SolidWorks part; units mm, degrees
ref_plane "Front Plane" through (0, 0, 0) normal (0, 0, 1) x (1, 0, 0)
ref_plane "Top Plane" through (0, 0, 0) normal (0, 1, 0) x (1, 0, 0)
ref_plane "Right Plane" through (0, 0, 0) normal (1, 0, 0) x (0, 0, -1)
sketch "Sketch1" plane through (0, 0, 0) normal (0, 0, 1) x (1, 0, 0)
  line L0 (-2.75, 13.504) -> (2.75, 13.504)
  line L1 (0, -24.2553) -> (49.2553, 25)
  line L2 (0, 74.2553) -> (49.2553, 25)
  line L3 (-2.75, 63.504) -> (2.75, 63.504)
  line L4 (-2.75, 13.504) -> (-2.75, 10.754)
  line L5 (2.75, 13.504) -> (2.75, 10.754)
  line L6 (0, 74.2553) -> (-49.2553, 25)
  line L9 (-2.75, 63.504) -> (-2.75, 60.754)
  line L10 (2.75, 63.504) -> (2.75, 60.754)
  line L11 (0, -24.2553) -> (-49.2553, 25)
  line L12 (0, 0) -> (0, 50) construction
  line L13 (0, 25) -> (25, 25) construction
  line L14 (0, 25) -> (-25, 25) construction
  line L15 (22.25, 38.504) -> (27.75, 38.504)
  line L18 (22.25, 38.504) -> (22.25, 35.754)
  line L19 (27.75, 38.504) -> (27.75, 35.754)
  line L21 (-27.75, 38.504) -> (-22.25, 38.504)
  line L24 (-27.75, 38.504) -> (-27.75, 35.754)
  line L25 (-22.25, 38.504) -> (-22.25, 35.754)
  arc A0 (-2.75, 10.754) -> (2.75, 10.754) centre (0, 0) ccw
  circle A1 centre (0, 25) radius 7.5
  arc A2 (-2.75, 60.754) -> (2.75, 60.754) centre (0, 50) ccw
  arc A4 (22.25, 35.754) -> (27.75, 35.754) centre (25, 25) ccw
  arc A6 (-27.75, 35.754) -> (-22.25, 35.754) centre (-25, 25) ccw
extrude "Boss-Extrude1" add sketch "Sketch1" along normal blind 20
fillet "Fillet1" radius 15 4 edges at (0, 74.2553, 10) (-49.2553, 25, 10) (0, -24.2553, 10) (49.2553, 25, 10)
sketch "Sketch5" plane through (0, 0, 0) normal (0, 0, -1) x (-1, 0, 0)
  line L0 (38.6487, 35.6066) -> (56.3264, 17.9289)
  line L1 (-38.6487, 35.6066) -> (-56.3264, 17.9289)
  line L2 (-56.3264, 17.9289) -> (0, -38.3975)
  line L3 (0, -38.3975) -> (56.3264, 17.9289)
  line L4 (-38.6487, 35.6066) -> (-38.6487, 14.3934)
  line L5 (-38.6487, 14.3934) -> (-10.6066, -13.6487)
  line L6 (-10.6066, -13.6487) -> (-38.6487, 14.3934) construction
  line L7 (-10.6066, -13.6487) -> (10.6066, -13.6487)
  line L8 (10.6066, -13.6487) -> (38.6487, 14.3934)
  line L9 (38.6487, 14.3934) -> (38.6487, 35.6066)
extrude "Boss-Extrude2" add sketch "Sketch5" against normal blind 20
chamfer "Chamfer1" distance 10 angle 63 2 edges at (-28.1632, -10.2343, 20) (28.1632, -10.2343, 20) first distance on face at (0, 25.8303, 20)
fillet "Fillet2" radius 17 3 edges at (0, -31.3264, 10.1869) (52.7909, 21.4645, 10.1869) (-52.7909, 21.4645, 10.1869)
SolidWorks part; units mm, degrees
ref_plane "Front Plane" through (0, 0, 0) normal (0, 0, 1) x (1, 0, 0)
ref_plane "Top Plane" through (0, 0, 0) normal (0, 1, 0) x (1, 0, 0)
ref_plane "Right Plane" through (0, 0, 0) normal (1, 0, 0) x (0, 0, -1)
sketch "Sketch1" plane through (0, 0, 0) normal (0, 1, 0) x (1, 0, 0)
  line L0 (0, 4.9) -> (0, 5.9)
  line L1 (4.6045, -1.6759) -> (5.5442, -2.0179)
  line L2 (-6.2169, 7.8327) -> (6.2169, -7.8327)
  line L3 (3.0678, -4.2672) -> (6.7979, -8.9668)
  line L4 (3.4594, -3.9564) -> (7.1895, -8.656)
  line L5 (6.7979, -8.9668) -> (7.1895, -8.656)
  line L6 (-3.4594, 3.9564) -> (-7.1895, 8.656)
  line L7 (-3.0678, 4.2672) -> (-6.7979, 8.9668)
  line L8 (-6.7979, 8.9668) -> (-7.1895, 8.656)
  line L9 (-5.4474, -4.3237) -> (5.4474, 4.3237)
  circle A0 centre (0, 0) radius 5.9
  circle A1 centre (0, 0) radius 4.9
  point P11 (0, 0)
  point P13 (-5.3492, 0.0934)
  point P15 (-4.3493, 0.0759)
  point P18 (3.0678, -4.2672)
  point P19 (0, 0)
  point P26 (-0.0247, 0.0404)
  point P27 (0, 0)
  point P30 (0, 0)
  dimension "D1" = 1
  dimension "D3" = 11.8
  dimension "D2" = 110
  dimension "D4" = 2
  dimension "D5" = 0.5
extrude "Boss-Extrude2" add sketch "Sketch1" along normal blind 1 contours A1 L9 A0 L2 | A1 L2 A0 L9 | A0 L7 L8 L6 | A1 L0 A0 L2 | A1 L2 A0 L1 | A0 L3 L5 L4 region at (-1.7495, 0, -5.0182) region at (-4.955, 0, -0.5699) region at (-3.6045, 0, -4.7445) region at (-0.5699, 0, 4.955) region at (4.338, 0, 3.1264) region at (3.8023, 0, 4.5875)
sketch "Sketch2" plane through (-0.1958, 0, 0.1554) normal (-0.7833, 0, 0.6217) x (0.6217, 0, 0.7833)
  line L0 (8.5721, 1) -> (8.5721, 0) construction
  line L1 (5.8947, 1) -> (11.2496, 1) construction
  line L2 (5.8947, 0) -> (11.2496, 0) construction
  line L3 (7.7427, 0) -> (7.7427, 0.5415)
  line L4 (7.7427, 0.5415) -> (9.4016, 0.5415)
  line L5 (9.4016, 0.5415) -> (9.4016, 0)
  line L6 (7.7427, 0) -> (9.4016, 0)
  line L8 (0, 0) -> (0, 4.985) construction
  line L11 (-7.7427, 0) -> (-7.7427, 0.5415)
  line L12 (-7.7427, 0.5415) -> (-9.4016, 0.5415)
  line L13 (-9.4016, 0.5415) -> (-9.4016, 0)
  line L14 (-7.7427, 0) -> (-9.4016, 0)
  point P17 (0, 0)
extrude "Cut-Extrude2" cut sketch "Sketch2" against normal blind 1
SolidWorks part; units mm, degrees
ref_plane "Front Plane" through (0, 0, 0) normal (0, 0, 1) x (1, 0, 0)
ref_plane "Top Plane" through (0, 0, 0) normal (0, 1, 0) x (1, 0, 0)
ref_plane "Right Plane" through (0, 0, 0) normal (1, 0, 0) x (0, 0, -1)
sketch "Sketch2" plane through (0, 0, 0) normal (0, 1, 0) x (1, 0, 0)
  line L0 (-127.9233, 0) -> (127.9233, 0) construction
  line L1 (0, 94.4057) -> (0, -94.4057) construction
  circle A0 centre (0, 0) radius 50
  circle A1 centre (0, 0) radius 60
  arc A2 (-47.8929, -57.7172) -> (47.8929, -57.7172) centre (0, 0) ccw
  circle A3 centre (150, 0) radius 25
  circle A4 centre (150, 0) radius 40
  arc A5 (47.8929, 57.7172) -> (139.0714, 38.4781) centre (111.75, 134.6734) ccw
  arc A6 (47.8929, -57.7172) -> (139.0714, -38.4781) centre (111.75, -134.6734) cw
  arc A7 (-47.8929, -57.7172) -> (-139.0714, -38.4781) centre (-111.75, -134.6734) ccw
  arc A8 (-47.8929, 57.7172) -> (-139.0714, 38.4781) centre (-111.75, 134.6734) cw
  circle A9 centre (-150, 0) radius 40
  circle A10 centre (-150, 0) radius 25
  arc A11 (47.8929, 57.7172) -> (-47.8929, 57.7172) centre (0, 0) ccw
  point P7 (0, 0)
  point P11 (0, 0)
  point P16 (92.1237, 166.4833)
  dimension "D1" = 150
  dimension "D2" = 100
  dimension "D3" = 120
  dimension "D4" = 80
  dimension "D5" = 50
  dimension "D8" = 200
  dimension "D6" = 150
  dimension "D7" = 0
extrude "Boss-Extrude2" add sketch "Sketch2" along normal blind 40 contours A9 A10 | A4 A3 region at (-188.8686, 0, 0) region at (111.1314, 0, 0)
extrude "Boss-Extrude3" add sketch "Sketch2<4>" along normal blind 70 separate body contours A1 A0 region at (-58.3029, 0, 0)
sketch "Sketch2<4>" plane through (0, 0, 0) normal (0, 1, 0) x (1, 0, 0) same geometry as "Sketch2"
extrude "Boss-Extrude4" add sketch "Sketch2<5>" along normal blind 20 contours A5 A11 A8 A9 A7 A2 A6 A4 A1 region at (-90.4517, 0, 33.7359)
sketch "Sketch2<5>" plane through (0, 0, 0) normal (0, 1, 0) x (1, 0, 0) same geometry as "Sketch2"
━━━━
Within the listing above, the range opens at the line with "circle A0 centre (0, 0) radius 50" and closes at the line with "arc A8 (-47.8929, 57.7172)". Reproduce exactly the lines of that range, including both ends.

Exercise response:
  circle A0 centre (0, 0) radius 50
  circle A1 centre (0, 0) radius 60
  arc A2 (-47.8929, -57.7172) -> (47.8929, -57.7172) centre (0, 0) ccw
  circle A3 centre (150, 0) radius 25
  circle A4 centre (150, 0) radius 40
  arc A5 (47.8929, 57.7172) -> (139.0714, 38.4781) centre (111.75, 134.6734) ccw
  arc A6 (47.8929, -57.7172) -> (139.0714, -38.4781) centre (111.75, -134.6734) cw
  arc A7 (-47.8929, -57.7172) -> (-139.0714, -38.4781) centre (-111.75, -134.6734) ccw
  arc A8 (-47.8929, 57.7172) -> (-139.0714, 38.4781) centre (-111.75, 134.6734) cw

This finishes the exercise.